Key Headlines Impacting Intuit
Here are the key news stories impacting Intuit this week:
- Positive Sentiment: Q2 results beat: Intuit reported stronger-than-expected fiscal Q2 results — revenue grew ~17% and EPS topped consensus, and the company reaffirmed its FY26 revenue and EPS framework (FY26 EPS guide ~22.98–23.18). This confirms ongoing growth momentum and investor confidence in underlying businesses. Intuit Tops Q2 Earnings, Reaffirms FY26 Growth Outlook Amid AI Push
- Positive Sentiment: AI positioning: Management and analysts highlight Intuit’s AI investments (TurboTax, QuickBooks, Credit Karma integrations) as a structural tailwind — executives say AI is fueling the next growth phase and should deepen switching costs rather than displace the business. Intuit’s CFO isn’t flinching at AI. He says it’s fueling the company’s next growth phase
- Positive Sentiment: Board signals confidence with dividend: Intuit declared a quarterly cash dividend of $1.20 per share (record April 9, pay April 17), underscoring cash generation and capital return policy. This supports income-oriented investor demand. Intuit Board Declares Cash Dividend, Signals Ongoing Confidence
- Neutral Sentiment: Analyst target updates mixed: Several firms trimmed price targets (Goldman, JPMorgan, Oppenheimer, RBC, others) but most maintained Buy/Outperform/Overweight stances — signaling caution on near-term multiple expansion while still backing the longer-term thesis.

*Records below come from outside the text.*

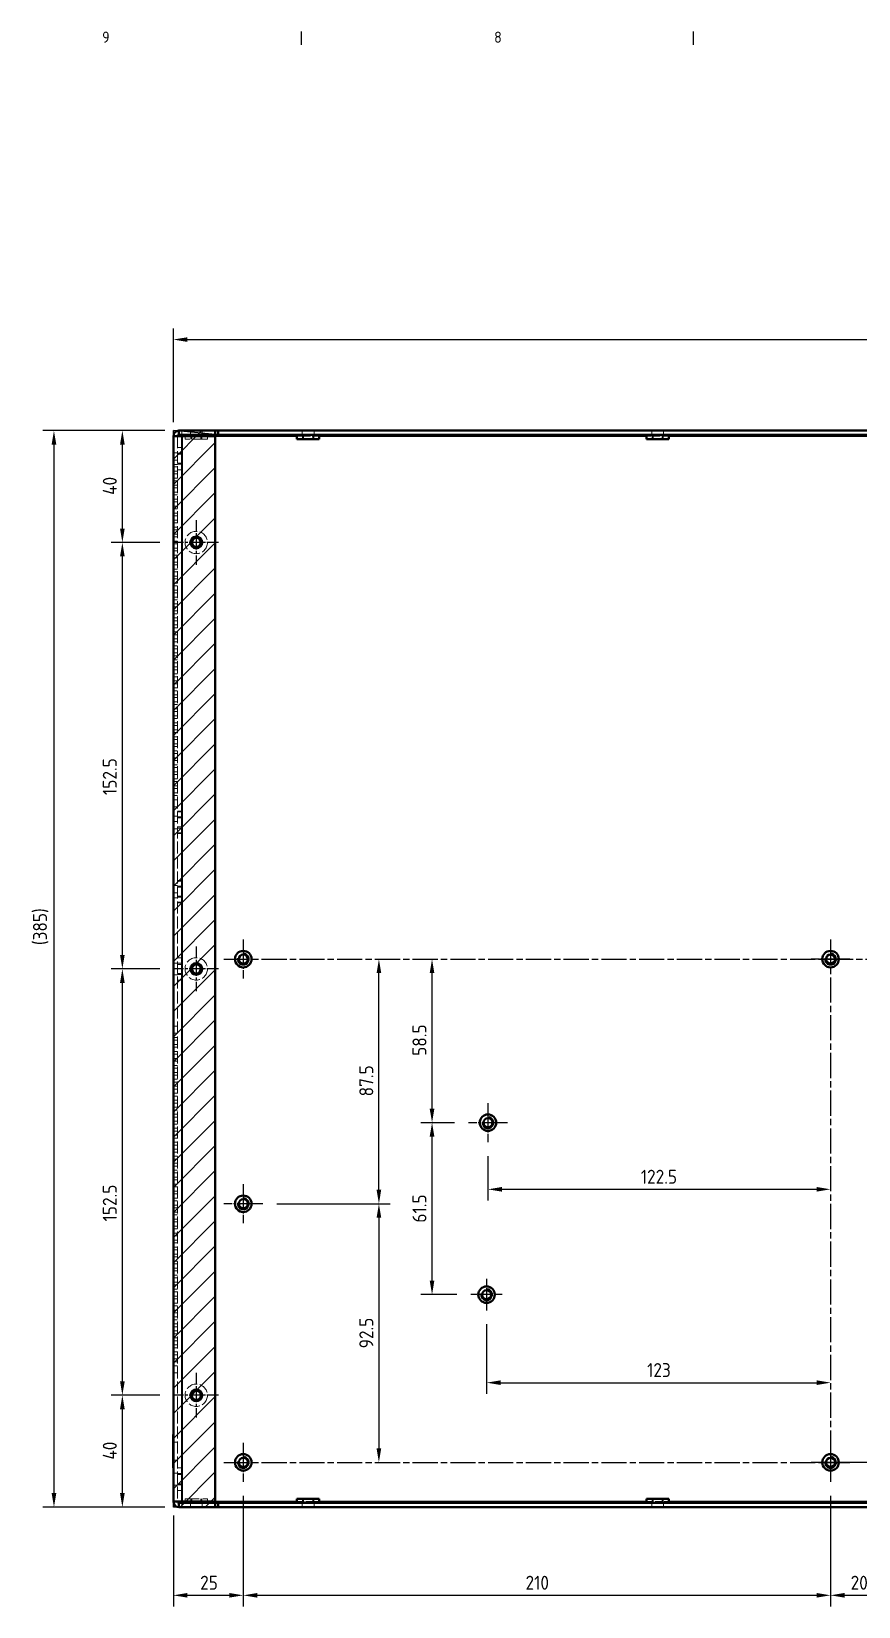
# Model space of a CAD drawing. Header units: millimetres. Extents: x 0 to 1682, y 0 to 1188.
# Drawn here: x 464 to 760, y 590 to 1153 of the extents above; entities that cross this region are included whole.
import ezdxf

# ---------------------------------------------------------------- set-up
doc = ezdxf.new("R2010")
doc.units = ezdxf.units.MM
doc.header["$LTSCALE"] = 2
doc.linetypes.add('CHAIN', pattern=[0.3543, 0.2362, -0.0295, 0.0591, -0.0295])
doc.linetypes.add('DASHED', pattern=[0.2067, 0.1654, -0.0413])
doc.layers.get('0').update_dxf_attribs({"color": 3, "lineweight": 25})
for name, color, linetype, lineweight in [('가려진 것(ISO)', 2, 'DASHED', 18), ('가려진 좁은 것(ISO)', 2, 'DASHED', 18), ('가시적인 것(ISO)', 3, 'Continuous', 40), ('가시적인 좁은 것(ISO)', 3, 'Continuous', 35), ('경계(ISO)', 7, 'Continuous', 25), ('스케치 형상(ISO)', 3, 'Continuous', 25), ('중심 표식(ISO)', 1, 'Continuous', 25), ('중심선(ISO)', 1, 'Continuous', 25), ('치수(ISO)', 2, 'Continuous', 25), ('해치(ISO)', 7, 'Continuous', 18)]:
    doc.layers.add(name, color=color, linetype=linetype, lineweight=lineweight)
doc.styles.add('문자 텍스트_PSTEK_POSCO', font='isocp.shx')
doc.styles.add('치수 텍스트_PSTEK_POSCO', font='isocp.shx')
doc.dimstyles.new('치수_PSTEK_POSCO', dxfattribs={"dimscale": 2, "dimtxt": 2.5, "dimasz": 2.5, "dimexe": 2, "dimexo": 2.5, "dimgap": 1, "dimtad": 1, "dimrnd": 1e-08, "dimdsep": 46, "dimtxsty": '치수 텍스트_PSTEK_POSCO', "dimcen": 0.09, "dimdle": 10, "dimclrd": 7, "dimclre": 7, "dimclrt": 2, "dimadec": 1, "dimazin": 2, "dimtfac": 1, "dimtmove": 0, "dimatfit": 3, "dimfxl": 0, "dimtolj": 1, "dimlwd": -1, "dimlwe": -1, "dimarcsym": 0})

# ---------------------------------------------------------------- blocks, each defined once
blk = doc.blocks.new('경계 Default Border')
at = {"layer": '경계(ISO)'}
for p, q in [((280.33, 574), (280.33, 576.4)), ((350.42, 574), (350.42, 576.4))]:
    blk.add_line(p, q, dxfattribs=at)
at = {"layer": '경계(ISO)', "color": 2, "char_height": 2, "attachment_point": 7, "style": '문자 텍스트_PSTEK_POSCO'}
for s, insert in [('9', (244.72, 574.38)), ('8', (314.8, 574.38))]:
    blk.add_mtext(s, dxfattribs=dict(at, insert=insert))
blk = doc.blocks.new('*D24')
at = {"layer": 'Defpoints', "color": 0}
for p in [(539.89, 634.1), (514.89, 627.05), (539.89, 593.51)]:
    blk.add_point(p, dxfattribs=at)
at = {"layer": '치수(ISO)', "color": 7}
for p, q in [((539.89, 629.1), (539.89, 589.51)), ((514.89, 622.05), (514.89, 589.51)), ((519.89, 593.51), (534.89, 593.51))]:
    blk.add_line(p, q, dxfattribs=at)
for points in [[(519.89, 594.34), (519.89, 592.68), (514.89, 593.51)], [(534.89, 594.34), (534.89, 592.68), (539.89, 593.51)]]:
    blk.add_solid(points, dxfattribs=at)
at = {"layer": '치수(ISO)', "color": 2, "insert": (524.47, 598.01), "char_height": 5, "attachment_point": 4, "style": '치수 텍스트_PSTEK_POSCO'}
blk.add_mtext('\\A1;25', dxfattribs=at)
blk = doc.blocks.new('*D25')
at = {"layer": 'Defpoints', "color": 0}
for p in [(539.89, 634.1), (749.89, 634.1), (749.89, 593.51)]:
    blk.add_point(p, dxfattribs=at)
at = {"layer": '치수(ISO)', "color": 7}
for p, q in [((539.89, 629.1), (539.89, 589.51)), ((749.89, 629.1), (749.89, 589.51)), ((544.89, 593.51), (744.89, 593.51))]:
    blk.add_line(p, q, dxfattribs=at)
for points in [[(544.89, 594.34), (544.89, 592.68), (539.89, 593.51)], [(744.89, 594.34), (744.89, 592.68), (749.89, 593.51)]]:
    blk.add_solid(points, dxfattribs=at)
at = {"layer": '치수(ISO)', "color": 2, "insert": (640.82, 598.01), "char_height": 5, "attachment_point": 4, "style": '치수 텍스트_PSTEK_POSCO'}
blk.add_mtext('\\A1;210', dxfattribs=at)
blk = doc.blocks.new('*D26')
at = {"layer": 'Defpoints', "color": 0}
for p in [(749.89, 634.1), (769.89, 634.1), (769.89, 593.51)]:
    blk.add_point(p, dxfattribs=at)
at = {"layer": '치수(ISO)', "color": 7}
for p, q in [((749.89, 629.1), (749.89, 589.51)), ((769.89, 629.1), (769.89, 589.51)), ((754.89, 593.51), (764.89, 593.51))]:
    blk.add_line(p, q, dxfattribs=at)
for points in [[(754.89, 594.34), (754.89, 592.68), (749.89, 593.51)], [(764.89, 594.34), (764.89, 592.68), (769.89, 593.51)]]:
    blk.add_solid(points, dxfattribs=at)
at = {"layer": '치수(ISO)', "color": 2, "insert": (757.07, 598.01), "char_height": 5, "attachment_point": 4, "style": '치수 텍스트_PSTEK_POSCO'}
blk.add_mtext('\\A1;20', dxfattribs=at)
blk = doc.blocks.new('*D31')
at = {"layer": 'Defpoints', "color": 0}
for p in [(607.39, 762.55), (620.44, 762.55), (621.26, 701.05)]:
    blk.add_point(p, dxfattribs=at)
at = {"layer": '치수(ISO)', "color": 7}
for p, q in [((615.44, 762.55), (603.39, 762.55)), ((607.39, 706.05), (607.39, 757.55)), ((616.26, 701.05), (603.39, 701.05))]:
    blk.add_line(p, q, dxfattribs=at)
for points in [[(606.55, 757.55), (608.22, 757.55), (607.39, 762.55)], [(606.55, 706.05), (608.22, 706.05), (607.39, 701.05)]]:
    blk.add_solid(points, dxfattribs=at)
at = {"layer": '치수(ISO)', "color": 2, "insert": (602.89, 726.8), "char_height": 5, "attachment_point": 4, "rotation": 90, "style": '치수 텍스트_PSTEK_POSCO'}
blk.add_mtext('\\A1;61.5', dxfattribs=at)
blk = doc.blocks.new('*D32')
at = {"layer": 'Defpoints', "color": 0}
for p in [(607.39, 821.05), (645.56, 821.05), (620.44, 762.55)]:
    blk.add_point(p, dxfattribs=at)
at = {"layer": '치수(ISO)', "color": 7}
for p, q in [((607.39, 767.55), (607.39, 816.05)), ((615.44, 762.55), (603.39, 762.55))]:
    blk.add_line(p, q, dxfattribs=at)
for points in [[(606.55, 816.05), (608.22, 816.05), (607.39, 821.05)], [(606.55, 767.55), (608.22, 767.55), (607.39, 762.55)]]:
    blk.add_solid(points, dxfattribs=at)
at = {"layer": '치수(ISO)', "color": 2, "insert": (602.89, 786.45), "char_height": 5, "attachment_point": 4, "rotation": 90, "style": '치수 텍스트_PSTEK_POSCO'}
blk.add_mtext('\\A1;58.5', dxfattribs=at)
blk = doc.blocks.new('*D33')
at = {"layer": 'Defpoints', "color": 0}
for p in [(626.89, 695.43), (749.89, 669.56), (749.89, 641.05)]:
    blk.add_point(p, dxfattribs=at)
at = {"layer": '치수(ISO)', "color": 7}
for p, q in [((626.89, 690.43), (626.89, 665.56)), ((631.89, 669.56), (744.89, 669.56))]:
    blk.add_line(p, q, dxfattribs=at)
for points in [[(631.89, 670.4), (631.89, 668.73), (626.89, 669.56)], [(744.89, 670.4), (744.89, 668.73), (749.89, 669.56)]]:
    blk.add_solid(points, dxfattribs=at)
at = {"layer": '치수(ISO)', "color": 2, "insert": (684.28, 674.06), "char_height": 5, "attachment_point": 4, "style": '치수 텍스트_PSTEK_POSCO'}
blk.add_mtext('\\A1;123', dxfattribs=at)
blk = doc.blocks.new('*D34')
at = {"layer": 'Defpoints', "color": 0}
for p in [(496.65, 1010.05), (516.89, 1010.05), (515.09, 970.05)]:
    blk.add_point(p, dxfattribs=at)
at = {"layer": '치수(ISO)', "color": 7}
for p, q in [((511.89, 1010.05), (492.65, 1010.05)), ((496.65, 975.05), (496.65, 1005.05)), ((510.09, 970.05), (492.65, 970.05))]:
    blk.add_line(p, q, dxfattribs=at)
for points in [[(495.82, 1005.05), (497.49, 1005.05), (496.65, 1010.05)], [(495.82, 975.05), (497.49, 975.05), (496.65, 970.05)]]:
    blk.add_solid(points, dxfattribs=at)
at = {"layer": '치수(ISO)', "color": 2, "insert": (492.15, 987.07), "char_height": 5, "attachment_point": 4, "rotation": 90, "style": '치수 텍스트_PSTEK_POSCO'}
blk.add_mtext('\\A1;40', dxfattribs=at)
blk = doc.blocks.new('*D35')
at = {"layer": 'Defpoints', "color": 0}
for p in [(496.65, 970.05), (515.09, 970.05), (515.09, 817.55)]:
    blk.add_point(p, dxfattribs=at)
at = {"layer": '치수(ISO)', "color": 7}
for p, q in [((510.09, 970.05), (492.65, 970.05)), ((496.65, 822.55), (496.65, 965.05)), ((510.09, 817.55), (492.65, 817.55))]:
    blk.add_line(p, q, dxfattribs=at)
for points in [[(495.82, 965.05), (497.49, 965.05), (496.65, 970.05)], [(495.82, 822.55), (497.49, 822.55), (496.65, 817.55)]]:
    blk.add_solid(points, dxfattribs=at)
at = {"layer": '치수(ISO)', "color": 2, "insert": (492.15, 879.72), "char_height": 5, "attachment_point": 4, "rotation": 90, "style": '치수 텍스트_PSTEK_POSCO'}
blk.add_mtext('\\A1;152.5', dxfattribs=at)
blk = doc.blocks.new('*D36')
at = {"layer": 'Defpoints', "color": 0}
for p in [(496.65, 817.55), (515.09, 817.55), (515.09, 665.05)]:
    blk.add_point(p, dxfattribs=at)
at = {"layer": '치수(ISO)', "color": 7}
for p, q in [((510.09, 817.55), (492.65, 817.55)), ((496.65, 670.05), (496.65, 812.55)), ((510.09, 665.05), (492.65, 665.05))]:
    blk.add_line(p, q, dxfattribs=at)
for points in [[(495.82, 812.55), (497.49, 812.55), (496.65, 817.55)], [(495.82, 670.05), (497.49, 670.05), (496.65, 665.05)]]:
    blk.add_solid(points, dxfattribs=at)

Monitor how these revisions affect sentiment and flows. Goldman Sachs adjusts price target on Intuit to $519 from $720; maintains neutral rating
- Negative Sentiment: Soft near-term guidance & higher marketing spend: Intuit’s Q3 guidance was softer than some expected — management flagged elevated marketing investment for peak U.S. tax season that will weigh on near-term margins and profit expectations, which triggered short-term selling pressure across headlines. Intuit Shares Tumble Despite Earnings Beat as Tax Season Outlook Disappoints
- Negative Sentiment: Market reaction: Despite the beat, coverage and write-ups emphasize the softer FQ3 outlook and tax-season margin pressure — multiple headlines note the stock initially slid after hours, reflecting sensitivity to forward guidance versus reported results. Investors should watch guidance execution and marketing ROI. Intuit Logs Higher Second-Quarter Profit, Gives Soft Third-Quarter Outlook
About Intuit
Intuit Inc (NASDAQ: INTU) is a financial software company headquartered in Mountain View, California, that develops and sells cloud-based financial management and compliance products for individuals, small businesses, self-employed workers and accounting professionals. Founded in 1983 by Scott Cook and Tom Proulx, the company has grown from desktop tax and accounting software into a diversified provider of online financial tools. As of my latest update, Sasan Goodarzi serves as Chief Executive Officer.
Intuit’s product portfolio includes QuickBooks, its flagship accounting and business-management platform that offers bookkeeping, payroll, payments and invoicing capabilities; TurboTax, a tax-preparation and filing service aimed at individual taxpayers; and Mint, a consumer personal-finance and budgeting app.